- _Records shown_
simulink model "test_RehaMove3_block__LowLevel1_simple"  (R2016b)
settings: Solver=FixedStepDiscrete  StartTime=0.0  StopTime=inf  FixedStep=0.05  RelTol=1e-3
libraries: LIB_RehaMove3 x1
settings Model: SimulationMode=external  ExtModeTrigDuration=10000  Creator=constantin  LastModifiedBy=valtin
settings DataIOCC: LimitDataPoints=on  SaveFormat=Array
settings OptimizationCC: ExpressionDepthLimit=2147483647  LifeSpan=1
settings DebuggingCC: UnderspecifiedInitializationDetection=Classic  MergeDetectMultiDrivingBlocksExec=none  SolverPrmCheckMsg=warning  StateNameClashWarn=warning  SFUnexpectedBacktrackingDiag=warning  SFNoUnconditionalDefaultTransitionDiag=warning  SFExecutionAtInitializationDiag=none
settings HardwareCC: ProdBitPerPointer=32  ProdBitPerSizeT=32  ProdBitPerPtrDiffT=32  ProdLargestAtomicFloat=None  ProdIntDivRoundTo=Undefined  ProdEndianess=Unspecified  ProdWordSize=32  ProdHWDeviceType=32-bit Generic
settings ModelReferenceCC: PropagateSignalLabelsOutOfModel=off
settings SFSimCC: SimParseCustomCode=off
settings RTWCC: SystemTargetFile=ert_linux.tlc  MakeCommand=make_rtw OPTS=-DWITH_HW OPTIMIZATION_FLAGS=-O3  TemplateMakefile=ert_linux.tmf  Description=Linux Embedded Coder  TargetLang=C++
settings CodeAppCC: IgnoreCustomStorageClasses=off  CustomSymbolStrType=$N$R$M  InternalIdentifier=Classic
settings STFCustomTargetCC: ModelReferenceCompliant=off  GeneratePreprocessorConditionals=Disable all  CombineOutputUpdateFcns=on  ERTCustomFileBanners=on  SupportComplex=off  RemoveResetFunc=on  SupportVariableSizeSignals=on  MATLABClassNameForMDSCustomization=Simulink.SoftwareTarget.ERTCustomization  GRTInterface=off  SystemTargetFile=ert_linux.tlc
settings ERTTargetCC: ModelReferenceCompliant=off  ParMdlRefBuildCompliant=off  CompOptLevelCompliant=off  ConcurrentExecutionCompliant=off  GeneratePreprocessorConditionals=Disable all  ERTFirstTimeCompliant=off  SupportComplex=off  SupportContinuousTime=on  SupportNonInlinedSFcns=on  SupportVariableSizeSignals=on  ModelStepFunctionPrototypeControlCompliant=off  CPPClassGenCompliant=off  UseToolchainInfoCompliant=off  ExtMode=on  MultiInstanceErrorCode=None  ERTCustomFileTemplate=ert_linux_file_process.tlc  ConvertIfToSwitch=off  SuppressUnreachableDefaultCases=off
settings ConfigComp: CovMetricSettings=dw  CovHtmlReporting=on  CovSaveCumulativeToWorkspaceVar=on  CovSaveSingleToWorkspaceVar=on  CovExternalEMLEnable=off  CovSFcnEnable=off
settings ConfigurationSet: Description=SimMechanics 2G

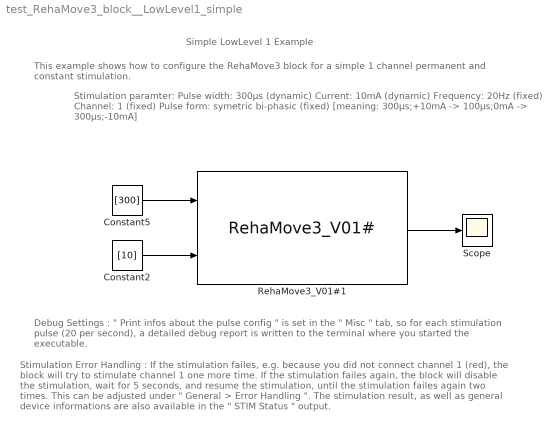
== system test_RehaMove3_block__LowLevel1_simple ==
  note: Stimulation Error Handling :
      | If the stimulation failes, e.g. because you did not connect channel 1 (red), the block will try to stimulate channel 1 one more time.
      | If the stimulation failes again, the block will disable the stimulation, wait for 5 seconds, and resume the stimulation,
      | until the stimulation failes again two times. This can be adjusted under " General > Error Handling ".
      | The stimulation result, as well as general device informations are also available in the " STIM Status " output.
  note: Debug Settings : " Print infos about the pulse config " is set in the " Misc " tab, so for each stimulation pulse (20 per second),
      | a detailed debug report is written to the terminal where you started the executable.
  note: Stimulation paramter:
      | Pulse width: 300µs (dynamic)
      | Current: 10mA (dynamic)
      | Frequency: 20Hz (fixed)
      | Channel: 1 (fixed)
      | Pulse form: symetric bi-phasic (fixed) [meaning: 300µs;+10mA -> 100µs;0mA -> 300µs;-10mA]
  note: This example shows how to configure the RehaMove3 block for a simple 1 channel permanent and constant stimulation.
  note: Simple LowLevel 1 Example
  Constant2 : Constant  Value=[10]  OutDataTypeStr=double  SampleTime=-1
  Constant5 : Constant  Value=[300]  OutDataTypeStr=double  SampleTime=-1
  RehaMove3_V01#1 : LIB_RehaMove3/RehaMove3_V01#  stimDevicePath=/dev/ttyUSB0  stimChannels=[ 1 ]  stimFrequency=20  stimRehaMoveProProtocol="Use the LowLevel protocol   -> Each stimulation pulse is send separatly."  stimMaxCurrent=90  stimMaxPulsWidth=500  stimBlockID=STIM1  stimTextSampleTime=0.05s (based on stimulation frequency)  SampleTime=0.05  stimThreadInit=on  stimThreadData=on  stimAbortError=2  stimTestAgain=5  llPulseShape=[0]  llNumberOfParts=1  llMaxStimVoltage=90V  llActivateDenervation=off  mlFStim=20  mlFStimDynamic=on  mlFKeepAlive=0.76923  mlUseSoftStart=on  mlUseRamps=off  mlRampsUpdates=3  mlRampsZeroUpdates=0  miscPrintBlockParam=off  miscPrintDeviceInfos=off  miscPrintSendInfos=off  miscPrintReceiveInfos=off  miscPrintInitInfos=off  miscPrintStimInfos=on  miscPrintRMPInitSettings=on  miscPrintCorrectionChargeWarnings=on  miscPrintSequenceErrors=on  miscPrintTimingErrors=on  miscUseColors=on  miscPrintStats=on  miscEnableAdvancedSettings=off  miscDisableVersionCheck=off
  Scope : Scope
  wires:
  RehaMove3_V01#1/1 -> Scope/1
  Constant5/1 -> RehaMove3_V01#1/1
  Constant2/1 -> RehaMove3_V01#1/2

- _Exercise directions_
The string "SupportComplex" shows up in some lines of the listing. Copy each such line.

- _Solution to this problem_
settings STFCustomTargetCC: ModelReferenceCompliant=off  GeneratePreprocessorConditionals=Disable all  CombineOutputUpdateFcns=on  ERTCustomFileBanners=on  SupportComplex=off  RemoveResetFunc=on  SupportVariableSizeSignals=on  MATLABClassNameForMDSCustomization=Simulink.SoftwareTarget.ERTCustomization  GRTInterface=off  SystemTargetFile=ert_linux.tlc
settings ERTTargetCC: ModelReferenceCompliant=off  ParMdlRefBuildCompliant=off  CompOptLevelCompliant=off  ConcurrentExecutionCompliant=off  GeneratePreprocessorConditionals=Disable all  ERTFirstTimeCompliant=off  SupportComplex=off  SupportContinuousTime=on  SupportNonInlinedSFcns=on  SupportVariableSizeSignals=on  ModelStepFunctionPrototypeControlCompliant=off  CPPClassGenCompliant=off  UseToolchainInfoCompliant=off  ExtMode=on  MultiInstanceErrorCode=None  ERTCustomFileTemplate=ert_linux_file_process.tlc  ConvertIfToSwitch=off  SuppressUnreachableDefaultCases=off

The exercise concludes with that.